Goal of the exercise
For the data below, restate word for word only the lines from the line containing "usecase reservations <<CRU>>" through the line containing "Unregistered_User -up- book_search", both ends included.

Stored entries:

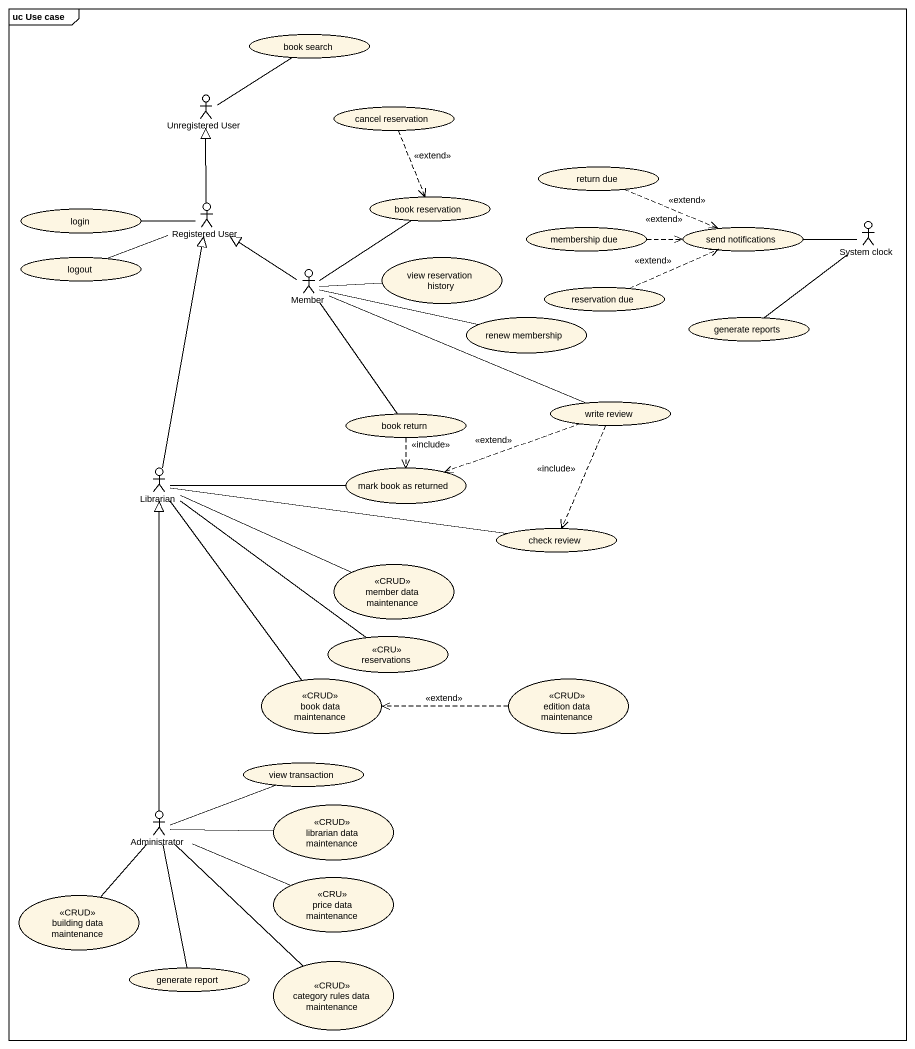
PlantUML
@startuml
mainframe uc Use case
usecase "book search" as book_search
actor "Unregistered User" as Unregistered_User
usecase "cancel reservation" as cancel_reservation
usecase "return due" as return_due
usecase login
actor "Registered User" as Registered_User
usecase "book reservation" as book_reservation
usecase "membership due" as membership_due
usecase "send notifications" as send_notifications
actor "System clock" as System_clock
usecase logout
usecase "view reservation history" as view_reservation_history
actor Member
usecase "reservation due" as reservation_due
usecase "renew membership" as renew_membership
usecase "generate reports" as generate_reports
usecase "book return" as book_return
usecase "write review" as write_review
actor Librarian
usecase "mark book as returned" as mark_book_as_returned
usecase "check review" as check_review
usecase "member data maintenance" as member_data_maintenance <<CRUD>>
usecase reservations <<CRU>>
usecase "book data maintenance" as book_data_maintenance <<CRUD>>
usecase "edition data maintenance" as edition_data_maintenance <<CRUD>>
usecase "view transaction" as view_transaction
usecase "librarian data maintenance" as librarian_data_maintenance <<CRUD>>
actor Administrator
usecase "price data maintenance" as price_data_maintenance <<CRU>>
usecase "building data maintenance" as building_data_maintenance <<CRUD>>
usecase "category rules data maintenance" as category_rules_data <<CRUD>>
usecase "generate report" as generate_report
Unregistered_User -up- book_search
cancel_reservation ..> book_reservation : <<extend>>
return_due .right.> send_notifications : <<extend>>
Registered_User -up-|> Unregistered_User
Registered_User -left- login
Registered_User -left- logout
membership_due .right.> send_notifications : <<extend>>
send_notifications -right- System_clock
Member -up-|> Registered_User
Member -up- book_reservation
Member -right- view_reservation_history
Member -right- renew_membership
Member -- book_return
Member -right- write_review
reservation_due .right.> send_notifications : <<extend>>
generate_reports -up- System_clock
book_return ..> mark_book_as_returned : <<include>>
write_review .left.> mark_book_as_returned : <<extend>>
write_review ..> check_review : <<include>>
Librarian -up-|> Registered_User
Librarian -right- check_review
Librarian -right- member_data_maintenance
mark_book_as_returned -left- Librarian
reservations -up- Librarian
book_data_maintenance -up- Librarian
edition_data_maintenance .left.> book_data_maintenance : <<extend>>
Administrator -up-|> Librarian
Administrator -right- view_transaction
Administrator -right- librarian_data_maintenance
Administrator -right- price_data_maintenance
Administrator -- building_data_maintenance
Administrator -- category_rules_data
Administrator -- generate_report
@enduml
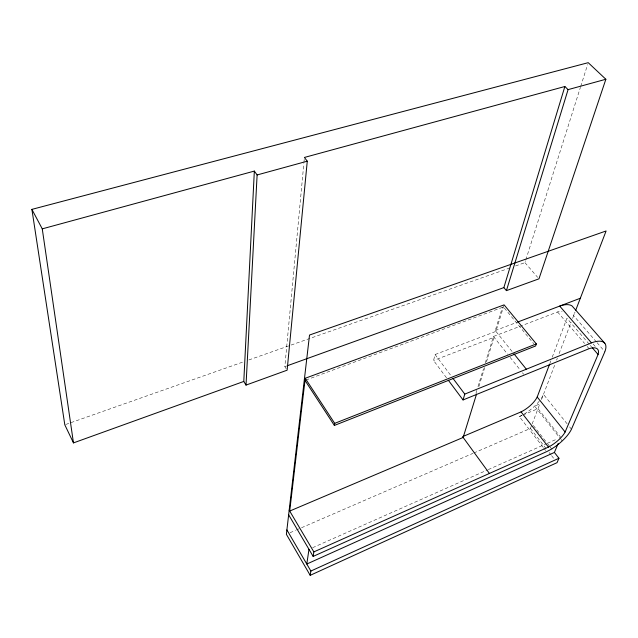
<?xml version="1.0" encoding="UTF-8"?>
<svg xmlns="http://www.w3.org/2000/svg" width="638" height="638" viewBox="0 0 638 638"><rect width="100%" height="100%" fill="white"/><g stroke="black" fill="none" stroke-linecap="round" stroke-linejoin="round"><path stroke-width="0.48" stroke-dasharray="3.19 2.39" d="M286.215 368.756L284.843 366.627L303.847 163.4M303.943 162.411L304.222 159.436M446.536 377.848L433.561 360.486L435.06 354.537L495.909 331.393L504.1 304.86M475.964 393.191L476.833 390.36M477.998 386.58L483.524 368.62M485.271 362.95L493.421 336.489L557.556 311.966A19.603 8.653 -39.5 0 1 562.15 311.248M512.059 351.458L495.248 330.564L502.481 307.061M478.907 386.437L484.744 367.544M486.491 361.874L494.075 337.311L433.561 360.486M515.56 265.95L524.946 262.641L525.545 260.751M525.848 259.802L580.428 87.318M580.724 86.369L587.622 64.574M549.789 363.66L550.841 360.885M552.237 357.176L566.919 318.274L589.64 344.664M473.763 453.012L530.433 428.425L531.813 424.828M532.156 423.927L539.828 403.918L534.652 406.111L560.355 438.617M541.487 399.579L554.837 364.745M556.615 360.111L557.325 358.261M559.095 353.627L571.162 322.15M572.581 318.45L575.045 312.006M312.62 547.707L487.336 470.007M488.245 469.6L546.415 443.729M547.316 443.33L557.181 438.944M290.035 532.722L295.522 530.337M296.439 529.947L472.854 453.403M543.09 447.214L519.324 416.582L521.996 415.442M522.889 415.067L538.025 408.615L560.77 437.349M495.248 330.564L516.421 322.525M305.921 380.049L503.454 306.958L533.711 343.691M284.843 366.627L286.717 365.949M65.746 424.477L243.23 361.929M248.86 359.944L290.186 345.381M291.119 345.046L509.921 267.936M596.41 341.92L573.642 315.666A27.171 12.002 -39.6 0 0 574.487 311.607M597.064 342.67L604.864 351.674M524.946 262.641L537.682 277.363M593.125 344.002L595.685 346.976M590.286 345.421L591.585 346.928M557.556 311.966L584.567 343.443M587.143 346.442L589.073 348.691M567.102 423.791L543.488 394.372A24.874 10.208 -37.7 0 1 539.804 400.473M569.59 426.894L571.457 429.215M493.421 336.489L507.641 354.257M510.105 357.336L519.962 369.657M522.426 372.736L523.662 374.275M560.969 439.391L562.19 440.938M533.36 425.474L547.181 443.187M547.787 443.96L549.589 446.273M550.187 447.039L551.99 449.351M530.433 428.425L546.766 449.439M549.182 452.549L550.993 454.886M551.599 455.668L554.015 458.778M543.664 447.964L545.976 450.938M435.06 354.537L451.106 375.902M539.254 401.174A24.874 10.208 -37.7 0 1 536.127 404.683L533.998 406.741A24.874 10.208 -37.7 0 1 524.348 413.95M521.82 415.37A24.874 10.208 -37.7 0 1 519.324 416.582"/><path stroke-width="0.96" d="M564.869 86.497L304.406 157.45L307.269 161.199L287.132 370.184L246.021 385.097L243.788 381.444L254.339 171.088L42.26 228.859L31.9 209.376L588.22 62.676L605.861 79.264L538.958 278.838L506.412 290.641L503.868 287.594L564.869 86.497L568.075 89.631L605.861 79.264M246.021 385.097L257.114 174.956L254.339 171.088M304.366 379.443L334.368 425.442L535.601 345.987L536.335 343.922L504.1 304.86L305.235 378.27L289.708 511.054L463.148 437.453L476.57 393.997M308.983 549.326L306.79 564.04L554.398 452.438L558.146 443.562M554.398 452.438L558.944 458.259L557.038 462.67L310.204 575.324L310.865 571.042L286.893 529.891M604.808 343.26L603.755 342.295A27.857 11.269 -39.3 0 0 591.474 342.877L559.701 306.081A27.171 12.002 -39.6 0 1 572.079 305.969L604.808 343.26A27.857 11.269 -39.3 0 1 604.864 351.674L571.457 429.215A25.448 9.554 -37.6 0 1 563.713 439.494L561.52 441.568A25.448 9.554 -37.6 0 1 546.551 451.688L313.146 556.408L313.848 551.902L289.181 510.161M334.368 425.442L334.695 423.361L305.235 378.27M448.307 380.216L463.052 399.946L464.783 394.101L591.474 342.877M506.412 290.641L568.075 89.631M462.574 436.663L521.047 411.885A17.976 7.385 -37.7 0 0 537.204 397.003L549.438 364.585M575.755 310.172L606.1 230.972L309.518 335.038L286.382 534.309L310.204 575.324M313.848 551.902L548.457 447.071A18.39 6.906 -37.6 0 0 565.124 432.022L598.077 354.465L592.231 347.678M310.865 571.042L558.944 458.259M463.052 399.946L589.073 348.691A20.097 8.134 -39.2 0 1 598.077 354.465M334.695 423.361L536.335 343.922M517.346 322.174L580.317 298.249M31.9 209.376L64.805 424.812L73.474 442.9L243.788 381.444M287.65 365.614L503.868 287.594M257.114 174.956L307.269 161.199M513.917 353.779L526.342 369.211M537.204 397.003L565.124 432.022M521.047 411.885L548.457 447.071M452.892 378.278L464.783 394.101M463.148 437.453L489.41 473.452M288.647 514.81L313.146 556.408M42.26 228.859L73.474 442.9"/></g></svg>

Answer to the exercise
usecase reservations <<CRU>>
usecase "book data maintenance" as book_data_maintenance <<CRUD>>
usecase "edition data maintenance" as edition_data_maintenance <<CRUD>>
usecase "view transaction" as view_transaction
usecase "librarian data maintenance" as librarian_data_maintenance <<CRUD>>
actor Administrator
usecase "price data maintenance" as price_data_maintenance <<CRU>>
usecase "building data maintenance" as building_data_maintenance <<CRUD>>
usecase "category rules data maintenance" as category_rules_data <<CRUD>>
usecase "generate report" as generate_report
Unregistered_User -up- book_search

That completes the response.